**Task**
All lines from the entries below that contain the string "degrees" should be copied out.

━━━━━━━━━━

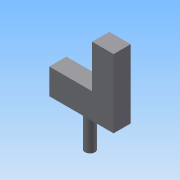
# Autodesk Inventor part: tete_bras
Saved by Autodesk Inventor 2013 (Build 170138000, 138)
## iProperties
Created: 2012-11-14
Part Number: tete_bras
Material: Générique
Document SubType Name: Modeling
Designer: Aegir
Density: 1 g/cm^3
Author: Aegir
Autodesk Inventor part; units mm, degrees
ref_plane "YZ Plane" through (0, 0, 0) normal (1, 0, 0) x (0, 1, 0)
ref_plane "XZ Plane" through (0, 0, 0) normal (0, 1, 0) x (-1, 0, 0)
ref_plane "XY Plane" through (0, 0, 0) normal (0, 0, 1) x (1, 0, 0)
sketch "Esquisse1" plane through (0, 0, 0) normal (0, 1, 0) x (-1, 0, 0)
  line L0 (0, 0) -> (-150, 0)
  line L1 (-150, 0) -> (-150, 63.6055)
  line L2 (-100, 60) -> (0, 60)
  line L3 (0, 60) -> (0, 0)
  line L4 (-100, 60) -> (-100, 160)
  line L5 (-100, 160) -> (-150, 160)
  line L6 (-150, 160) -> (-150, 63.6055)
  dimension "d2" = 100
  dimension "d4" = 60
  dimension "d5" = 100
  dimension "d6" = 150
  constraints: 14 end point, 3 parallel, 1 horizontal, 1 perpendicular
  measures "d2" distance of L2.start L4.end
  measures "d4" distance between parallel lines of L0 L2
  measures "d5" distance of L2.start L2.end
  measures "d6" distance between parallel lines of L3 L1
extrude "Extrusion1" add sketch "Esquisse1" along normal blind 40
sketch "Esquisse2" plane through (150, 0, 0) normal (0, 0, -1) x (-1, 0, 0)
  circle A0 centre (75, 20) radius 11.5999
  constraints: 1 centre point
extrude "Extrusion2" add sketch "Esquisse2" along normal blind 80
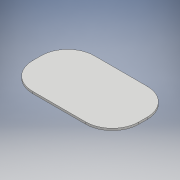
# Autodesk Inventor part: Game_Colonies
Saved by Autodesk Inventor 2018 (Build 220112000, 112)
## iProperties
Created: 2021-04-21
Part Number: Game_Colonies
Material: Generic
Document SubType Name: Modeling
Designer: Bradley
Density: 1 g/cm^3
Appearance: Default
Author: Bradley
Autodesk Inventor part; units mm, degrees
ref_plane "YZ Plane" through (0, 0, 0) normal (1, 0, 0) x (0, 1, 0)
ref_plane "XZ Plane" through (0, 0, 0) normal (0, 1, 0) x (-1, 0, 0)
ref_plane "XY Plane" through (0, 0, 0) normal (0, 0, 1) x (1, 0, 0)
sketch "Sketch1" plane through (0, 0, 0) normal (0, 0, 1) x (1, 0, 0)
  line L0 (-25, -29) -> (25, -29)
  line L1 (50, -4) -> (50, 4)
  line L2 (25, 29) -> (-25, 29)
  line L3 (-50, 4) -> (-50, -4)
  line L4 (-50, -29) -> (50, 29) construction
  line L5 (50, -29) -> (-50, 29) construction
  arc A0 (50, 4) -> (25, 29) centre (25, 4) ccw
  arc A1 (25, -29) -> (50, -4) centre (25, -4) ccw
  arc A2 (-50, -4) -> (-25, -29) centre (-25, -4) ccw
  arc A3 (-25, 29) -> (-50, 4) centre (-25, 4) ccw
  point P0 (0, 0)
  dimension "d0" = 100
  dimension "d1" = 58
  dimension "d2" = 25
  constraints: 12 end point, 8 point on circle, 8 point on line, 8 tangent, 4 centre point, 3 equal radius, 2 midpoint, 2 parallel, 1 horizontal, 1 perpendicular
  measures "d0" distance of L5.end L4.end
  measures "d1" distance of L4.end L5.start
  measures "d2" radius of A0
extrude "Extrusion1" add sketch "Sketch1" along normal mid plane 1.93
body "Solid1"
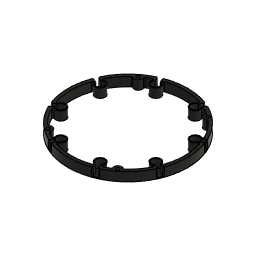
IR隠し (Autodesk Fusion 360 design; units mm, degrees)
Autodesk Fusion 360 part; units mm, degrees
sketch "スケッチ1" plane through (0, 0, 0) normal (0, 0, 1) x (1, 0, 0)
  circle A0 centre (0, 0) radius 60
  dimension "d1" = 120
  constraint coincident A0.centre origin
  measures "d1" diameter of A0
extrude "押し出し1" add sketch "スケッチ1" along normal blind 1.6 contours A0 picked at (15.326198, 22.479404)
sketch "スケッチ2" plane through (0, 0, 21.011891) normal (0, 0, 1) x (1, 0, 0)
  circle A0 centre (0, -1.188109) radius 1.5
  circle A1 centre (-35, -39.898109) radius 1.75
  circle A2 centre (35, -39.898109) radius 1.75
  circle A3 centre (-35, 45.311891) radius 1.75
  circle A4 centre (-35, -45.188109) radius 1.75
  circle A5 centre (35, 45.311891) radius 1.75
  circle A6 centre (35, -45.188109) radius 1.75
  line L0 (-40, 48.811891) -> (-40, -51.188109)
  line L1 (-40, -51.188109) -> (40, -51.188109)
  line L2 (40, -51.188109) -> (40, 48.811891)
  line L3 (40, 48.811891) -> (-40, 48.811891)
extrude "押し出し2" cut sketch "スケッチ2" against normal blind 45 contours A3 | A4 | A5 | A6 picked at (-35.557417, 45.483832) picked at (-35.557417, -45.016168) picked at (34.442583, 45.483832) picked at (34.442583, -45.016168)
sketch "スケッチ3" plane through (0, 0, 1.6) normal (0, 0, 1) x (-1, 0, 0)
  circle A0 centre (-35, 45.188109) radius 1.75
  circle A1 centre (-35, -45.311891) radius 1.75
  circle A2 centre (35, 45.188109) radius 1.75
  circle A3 centre (35, -45.311891) radius 1.75
  circle A4 centre (0, 0) radius 60
extrude "押し出し3" add sketch "スケッチ3" along normal blind 10 contours A4 picked at (11.241029, -14.670055)
extrude "押し出し4" cut 1 faces at (-11.241029, 14.670055, 11.6) along direction (0, 0, -1) blind 1.6
sketch "スケッチ4" plane through (0, 0, 10) normal (0, 0, 1) x (-1, 0, 0)
  circle A0 centre (-35, 45.188109) radius 1.75
  circle A1 centre (35, 45.188109) radius 1.75
  circle A2 centre (-35, -45.311891) radius 1.75
  circle A3 centre (35, -45.311891) radius 1.75
  circle A4 centre (0, 0) radius 60
  circle A5 centre (0, 0) radius 50
  dimension "d10" = 100
  constraint concentric A4 A5
  measures "d10" diameter of A5
extrude "押し出し5" cut sketch "スケッチ4" against normal blind 55 contours A5 picked at (-13.551782, -2.484038)
extrude "押し出し6" cut 1 faces at (-56.443283, 2.980845, 10) along direction (0, 0, -1) blind 1
sketch "スケッチ5" plane through (0, 0, 9) normal (0, 0, 1) x (-1, 0, 0)
  circle A0 centre (0, 0) radius 50
  circle A1 centre (-35, 45.188109) radius 1.75
  circle A2 centre (35, 45.188109) radius 1.75
  circle A3 centre (-35, -45.311891) radius 1.75
  circle A4 centre (35, -45.311891) radius 1.75
  circle A5 centre (0, 0) radius 60
  line L0 (0, 0) -> (0, 60)
  line L1 (0, 0) -> (22.961006, 55.432772)
  circle A6 centre (0, 0) radius 51.6
  circle A7 centre (19.746465, 47.672184) radius 4
  circle A8 centre (19.746465, 47.672184) radius 5
  circle A9 centre (-19.746465, 47.672184) radius 4
  circle A10 centre (-19.746465, 47.672184) radius 5
  circle A11 centre (-47.672184, 19.746465) radius 4
  circle A12 centre (-47.672184, 19.746465) radius 5
  circle A13 centre (-47.672184, -19.746465) radius 4
  circle A14 centre (-47.672184, -19.746465) radius 5
  circle A15 centre (-19.746465, -47.672184) radius 4
  circle A16 centre (-19.746465, -47.672184) radius 5
  circle A17 centre (19.746465, -47.672184) radius 4
  circle A18 centre (19.746465, -47.672184) radius 5
  circle A19 centre (47.672184, -19.746465) radius 4
  circle A20 centre (47.672184, -19.746465) radius 5
  circle A21 centre (47.672184, 19.746465) radius 4
  circle A22 centre (47.672184, 19.746465) radius 5
  dimension "d15" = 157.5
  dimension "d16" = 103.2
  dimension "d17" = 8
  dimension "d18" = 10
  dimension "d20" = 360
  constraint coincident A0.centre A5.centre
  constraint coincident A5 L0.end
  constraint vertical L0
  constraint concentric A7 A8
  measures "d15" angle of L0 L1
  measures "d16" diameter of A6
  measures "d17" diameter of A7
  measures "d18" diameter of A8
extrude "押し出し7" add sketch "スケッチ5" against normal blind 9 contours A0 A21 A22 | A0 A19 A20 | A0 L1 A7 A8 | A0 A17 A18 | A0 L1 A7 A8 | A0 A15 A16 | A0 A9 A10 | A0 A13 A14 | A0 A11 A12 picked at (43.248058, 18.291237) picked at (43.248058, -18.291237) picked at (22.313928, 43.786523) picked at (18.291237, -43.248058) picked at (15.183418, 46.740077) picked at (-22.308999, -43.783035) picked at (-22.308999, 43.783035) picked at (-46.768608, -15.177005) picked at (-46.768608, 15.177005)
extrude "押し出し8" cut sketch "スケッチ5" against normal blind 21 contours A0 A6 A21 | A0 A6 A19 | A6 A21 | A6 A19 | A0 L1 A6 A7 | A0 A6 A17 | A0 L1 A6 A7 | L1 A6 A7 | A6 A17 | L1 A6 A7 | A0 A6 A15 | A6 A15 | A0 A6 A9 | A6 A9 | A6 A13 | A0 A6 A13 | A0 A6 A11 | A6 A11 picked at (45.983245, 21.335973) picked at (45.983245, -21.335973) picked at (48.874047, 20.296753) picked at (48.874047, -20.296753) picked at (22.104519, 45.630587) picked at (17.428253, -47.601875) picked at (16.635442, 47.895953) picked at (21.000795, 48.527452) picked at (20.25766, -48.89118) picked at (19.466775, 49.163647) picked at (-21.335973, -45.983245) picked at (-20.252313, -48.893408) picked at (-21.335973, 45.983245) picked at (-20.252313, 48.893408) picked at (-48.893408, -20.252313) picked at (-47.601875, -17.428253) picked at (-47.601875, 17.428253) picked at (-48.893408, 20.252313)
sketch "スケッチ6" plane through (0, 0, 9) normal (0, 0, 1) x (-1, 0, 0)
  circle A0 centre (19.746465, -47.672184) radius 4
  circle A1 centre (19.746465, 47.672184) radius 4
  circle A2 centre (-47.672184, 19.746465) radius 4
  circle A3 centre (47.672184, -19.746465) radius 4
  circle A4 centre (-19.746465, -47.672184) radius 4
  circle A5 centre (-19.746465, 47.672184) radius 4
  circle A6 centre (-47.672184, -19.746465) radius 4
  circle A7 centre (47.672184, 19.746465) radius 4
  arc A8 (-23.354385, 44.21055) -> (-44.21055, 23.354385) centre (0, 0) ccw
  arc A9 (-23.354385, 44.21055) -> (-14.747535, 47.775624) centre (-19.746465, 47.672184) ccw
  arc A10 (14.747535, 47.775624) -> (-14.747535, 47.775624) centre (0, 0) ccw
  arc A11 (14.747535, 47.775624) -> (23.354385, 44.21055) centre (19.746465, 47.672184) ccw
  arc A12 (44.21055, 23.354385) -> (23.354385, 44.21055) centre (0, 0) ccw
  arc A13 (44.21055, 23.354385) -> (47.775624, 14.747535) centre (47.672184, 19.746465) ccw
  arc A14 (47.775624, -14.747535) -> (47.775624, 14.747535) centre (0, 0) ccw
  arc A15 (47.775624, -14.747535) -> (44.21055, -23.354385) centre (47.672184, -19.746465) ccw
  arc A16 (23.354385, -44.21055) -> (44.21055, -23.354385) centre (0, 0) ccw
  arc A17 (23.354385, -44.21055) -> (14.747535, -47.775624) centre (19.746465, -47.672184) ccw
  arc A18 (-14.747535, -47.775624) -> (14.747535, -47.775624) centre (0, 0) ccw
  arc A19 (-14.747535, -47.775624) -> (-23.354385, -44.21055) centre (-19.746465, -47.672184) ccw
  arc A20 (-44.21055, -23.354385) -> (-23.354385, -44.21055) centre (0, 0) ccw
  arc A21 (-44.21055, -23.354385) -> (-47.775624, -14.747535) centre (-47.672184, -19.746465) ccw
  arc A22 (-47.775624, 14.747535) -> (-47.775624, -14.747535) centre (0, 0) ccw
  arc A23 (-47.775624, 14.747535) -> (-44.21055, 23.354385) centre (-47.672184, 19.746465) ccw
  circle A24 centre (-35, 45.188109) radius 1.75
  circle A25 centre (35, 45.188109) radius 1.75
  circle A26 centre (-35, -45.311891) radius 1.75
  circle A27 centre (35, -45.311891) radius 1.75
  circle A28 centre (0, 0) radius 60
  line L0 (0, 0) -> (19.746465, 47.672184)
  line L1 (19.746465, 47.672184) -> (30.643995, 73.981148)
  line L2 (22.961006, 55.432772) -> (21.277199, 51.367702)
  line L3 (22.119102, 53.400237) -> (23.966861, 52.63487)
  line L4 (22.119102, 53.400237) -> (20.271343, 54.165604)
  line L5 (20.271343, 54.165604) -> (21.100487, 56.167334)
  line L6 (23.966861, 52.63487) -> (24.796005, 54.636601)
  line L7 (23.966861, 52.63487) -> (22.919878, 50.10723)
  line L8 (20.271343, 54.165604) -> (19.22436, 51.637963)
  line L9 (-23.966861, 52.63487) -> (-24.796005, 54.636601)
  line L10 (-23.966861, 52.63487) -> (-22.919878, 50.10723)
  line L11 (-20.271343, 54.165604) -> (-21.100487, 56.167334)
  line L12 (-20.271343, 54.165604) -> (-19.22436, 51.637963)
  line L13 (-54.165604, 20.271343) -> (-56.167334, 21.100487)
  line L14 (-54.165604, 20.271343) -> (-51.637963, 19.22436)
  line L15 (-52.63487, 23.966861) -> (-54.636601, 24.796005)
  line L16 (-52.63487, 23.966861) -> (-50.10723, 22.919878)
  line L17 (-52.63487, -23.966861) -> (-54.636601, -24.796005)
  line L18 (-52.63487, -23.966861) -> (-50.10723, -22.919878)
  line L19 (-54.165604, -20.271343) -> (-56.167334, -21.100487)
  line L20 (-54.165604, -20.271343) -> (-51.637963, -19.22436)
  line L21 (-20.271343, -54.165604) -> (-21.100487, -56.167334)
  line L22 (-20.271343, -54.165604) -> (-19.22436, -51.637963)
  line L23 (-23.966861, -52.63487) -> (-24.796005, -54.636601)
  line L24 (-23.966861, -52.63487) -> (-22.919878, -50.10723)
  line L25 (23.966861, -52.63487) -> (24.796005, -54.636601)
  line L26 (23.966861, -52.63487) -> (22.919878, -50.10723)
  line L27 (20.271343, -54.165604) -> (21.100487, -56.167334)
  line L28 (20.271343, -54.165604) -> (19.22436, -51.637963)
  line L29 (54.165604, -20.271343) -> (56.167334, -21.100487)
  line L30 (54.165604, -20.271343) -> (51.637963, -19.22436)
  line L31 (52.63487, -23.966861) -> (54.636601, -24.796005)
  line L32 (52.63487, -23.966861) -> (50.10723, -22.919878)
  line L33 (52.63487, 23.966861) -> (54.636601, 24.796005)
  line L34 (52.63487, 23.966861) -> (50.10723, 22.919878)
  line L35 (54.165604, 20.271343) -> (56.167334, 21.100487)
  line L36 (54.165604, 20.271343) -> (51.637963, 19.22436)
  dimension "d25" = 2
  dimension "d26" = 2
  dimension "d28" = 360
  constraint coincident A8.centre A10.centre
  constraint parallel L0 L1
  constraint perpendicular L1 L3
  constraint perpendicular L1 L4
  constraint perpendicular L4 L5
  constraint perpendicular L3 L6
  constraint perpendicular L3 L7
  constraint perpendicular L4 L8
extrude "押し出し9" cut sketch "スケッチ6" against normal blind 8 contours A0 A28 L25 L26 L27 L28 | A4 A28 L21 L22 L23 L24 | A3 A28 L29 L30 L31 L32 | A6 A28 L17 L18 L19 L20 | A7 A28 L33 L34 L35 L36 | A2 A28 L13 L14 L15 L16 | A28 L1 L2 L3 L6 | A5 A28 L9 L10 L11 L12 | A28 L1 L2 L4 L5 | A1 L1 L2 L3 L7 | A1 L1 L2 L4 L8 picked at (21.744986, -52.757411) picked at (-21.744986, -52.757411) picked at (52.722725, -21.838468) picked at (-52.68115, -21.929097) picked at (52.722725, 21.838468) picked at (-52.757411, 21.744986) picked at (23.424422, 53.647963) picked at (-21.929097, 52.68115) picked at (21.371271, 54.498406) picked at (22.61081, 52.390464) picked at (21.057396, 53.033909)
sketch "スケッチ7" plane through (0, 0, 0) normal (0, 0, -1) x (1, 0, 0)
  circle A0 centre (47.672184, 19.746465) radius 4
  circle A1 centre (-47.672184, -19.746465) radius 4
  circle A2 centre (19.746465, 47.672184) radius 4
  circle A3 centre (-19.746465, -47.672184) radius 4
  circle A4 centre (47.672184, -19.746465) radius 4
  circle A5 centre (-47.672184, 19.746465) radius 4
  circle A6 centre (-19.746465, 47.672184) radius 4
  circle A7 centre (19.746465, -47.672184) radius 4
  arc A8 (44.21055, 23.354385) -> (47.775624, 14.747535) centre (47.672184, 19.746465) ccw
  arc A9 (47.775624, -14.747535) -> (47.775624, 14.747535) centre (0, 0) ccw
  arc A10 (47.775624, -14.747535) -> (44.21055, -23.354385) centre (47.672184, -19.746465) ccw
  arc A11 (23.354385, -44.21055) -> (44.21055, -23.354385) centre (0, 0) ccw
  arc A12 (23.354385, -44.21055) -> (14.747535, -47.775624) centre (19.746465, -47.672184) ccw
  arc A13 (-14.747535, -47.775624) -> (14.747535, -47.775624) centre (0, 0) ccw
  arc A14 (-14.747535, -47.775624) -> (-23.354385, -44.21055) centre (-19.746465, -47.672184) ccw
  arc A15 (-44.21055, -23.354385) -> (-23.354385, -44.21055) centre (0, 0) ccw
  arc A16 (-44.21055, -23.354385) -> (-47.775624, -14.747535) centre (-47.672184, -19.746465) ccw
  arc A17 (-47.775624, 14.747535) -> (-47.775624, -14.747535) centre (0, 0) ccw
  arc A18 (-47.775624, 14.747535) -> (-44.21055, 23.354385) centre (-47.672184, 19.746465) ccw
  arc A19 (-23.354385, 44.21055) -> (-44.21055, 23.354385) centre (0, 0) ccw
  arc A20 (-23.354385, 44.21055) -> (-14.747535, 47.775624) centre (-19.746465, 47.672184) ccw
  arc A21 (14.747535, 47.775624) -> (-14.747535, 47.775624) centre (0, 0) ccw
  arc A22 (14.747535, 47.775624) -> (23.354385, 44.21055) centre (19.746465, 47.672184) ccw
  arc A23 (44.21055, 23.354385) -> (23.354385, 44.21055) centre (0, 0) ccw
  circle A24 centre (35, 45.188109) radius 1.75
  circle A25 centre (35, -45.311891) radius 1.75
  circle A26 centre (-35, 45.188109) radius 1.75
  circle A27 centre (-35, -45.311891) radius 1.75
  circle A28 centre (0, 0) radius 60
extrude "押し出し10" add sketch "スケッチ7" against normal blind 1 contours A0 | A1 | A2 | A3 | A4 | A5 | A6 | A7 picked at (48.338851, 21.687179) picked at (-48.901937, -19.945188) picked at (18.600469, 46.726807) picked at (-18.915145, -49.112072) picked at (46.442431, -19.945188) picked at (-47.005517, 21.687179) picked at (-18.915145, 46.232296) picked at (18.545173, -47.853249)
sketch "スケッチ8" plane through (0, 0, 9) normal (0, 0, 1) x (-1, 0, 0)
  circle A0 centre (35, -45.311891) radius 1.75
  circle A1 centre (-35, -45.311891) radius 1.75
  circle A2 centre (35, 45.188109) radius 1.75
  circle A3 centre (-35, 45.188109) radius 1.75
  arc A4 (-23.354385, 44.21055) -> (-44.21055, 23.354385) centre (0, 0) ccw
  arc A5 (-23.354385, 44.21055) -> (-14.747535, 47.775624) centre (-19.746465, 47.672184) ccw
  arc A6 (14.747535, 47.775624) -> (-14.747535, 47.775624) centre (0, 0) ccw
  arc A7 (14.747535, 47.775624) -> (23.354385, 44.21055) centre (19.746465, 47.672184) ccw
  arc A8 (44.21055, 23.354385) -> (23.354385, 44.21055) centre (0, 0) ccw
  arc A9 (44.21055, 23.354385) -> (47.775624, 14.747535) centre (47.672184, 19.746465) ccw
  arc A10 (47.775624, -14.747535) -> (47.775624, 14.747535) centre (0, 0) ccw
  arc A11 (47.775624, -14.747535) -> (44.21055, -23.354385) centre (47.672184, -19.746465) ccw
  arc A12 (23.354385, -44.21055) -> (44.21055, -23.354385) centre (0, 0) ccw
  arc A13 (23.354385, -44.21055) -> (14.747535, -47.775624) centre (19.746465, -47.672184) ccw
  arc A14 (-14.747535, -47.775624) -> (14.747535, -47.775624) centre (0, 0) ccw
  arc A15 (-14.747535, -47.775624) -> (-23.354385, -44.21055) centre (-19.746465, -47.672184) ccw
  arc A16 (-44.21055, -23.354385) -> (-23.354385, -44.21055) centre (0, 0) ccw
  arc A17 (-44.21055, -23.354385) -> (-47.775624, -14.747535) centre (-47.672184, -19.746465) ccw
  arc A18 (-47.775624, 14.747535) -> (-47.775624, -14.747535) centre (0, 0) ccw
  arc A19 (-47.775624, 14.747535) -> (-44.21055, 23.354385) centre (-47.672184, 19.746465) ccw
  line L0 (-56.167334, -21.100487) -> (-51.637963, -19.22436)
  arc A20 (-50.10723, -22.919878) -> (-51.637963, -19.22436) centre (-47.672184, -19.746465) ccw
  line L1 (-50.10723, -22.919878) -> (-54.636601, -24.796005)
  arc A21 (-54.636601, -24.796005) -> (-24.796005, -54.636601) centre (0, 0) ccw
  line L2 (-24.796005, -54.636601) -> (-22.919878, -50.10723)
  arc A22 (-19.22436, -51.637963) -> (-22.919878, -50.10723) centre (-19.746465, -47.672184) ccw
  line L3 (-19.22436, -51.637963) -> (-21.100487, -56.167334)
  arc A23 (-21.100487, -56.167334) -> (21.100487, -56.167334) centre (0, 0) ccw
  line L4 (21.100487, -56.167334) -> (19.22436, -51.637963)
  arc A24 (22.919878, -50.10723) -> (19.22436, -51.637963) centre (19.746465, -47.672184) ccw
  line L5 (22.919878, -50.10723) -> (24.796005, -54.636601)
  arc A25 (24.796005, -54.636601) -> (54.636601, -24.796005) centre (0, 0) ccw
  line L6 (54.636601, -24.796005) -> (50.10723, -22.919878)
  arc A26 (51.637963, -19.22436) -> (50.10723, -22.919878) centre (47.672184, -19.746465) ccw
  line L7 (51.637963, -19.22436) -> (56.167334, -21.100487)
  arc A27 (56.167334, -21.100487) -> (56.167334, 21.100487) centre (0, 0) ccw
  line L8 (56.167334, 21.100487) -> (51.637963, 19.22436)
  arc A28 (50.10723, 22.919878) -> (51.637963, 19.22436) centre (47.672184, 19.746465) ccw
  line L9 (50.10723, 22.919878) -> (54.636601, 24.796005)
  arc A29 (54.636601, 24.796005) -> (24.796005, 54.636601) centre (0, 0) ccw
  line L10 (24.796005, 54.636601) -> (22.919878, 50.10723)
  arc A30 (19.22436, 51.637963) -> (22.919878, 50.10723) centre (19.746465, 47.672184) ccw
  line L11 (19.22436, 51.637963) -> (21.100487, 56.167334)
  arc A31 (21.100487, 56.167334) -> (-21.100487, 56.167334) centre (0, 0) ccw
  line L12 (-21.100487, 56.167334) -> (-19.22436, 51.637963)
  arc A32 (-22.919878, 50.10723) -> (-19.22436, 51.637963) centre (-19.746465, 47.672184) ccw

━━━━━━━━━━

**Result of this exercise**
Autodesk Inventor part; units mm, degrees
Autodesk Inventor part; units mm, degrees
IR隠し (Autodesk Fusion 360 design; units mm, degrees)
Autodesk Fusion 360 part; units mm, degrees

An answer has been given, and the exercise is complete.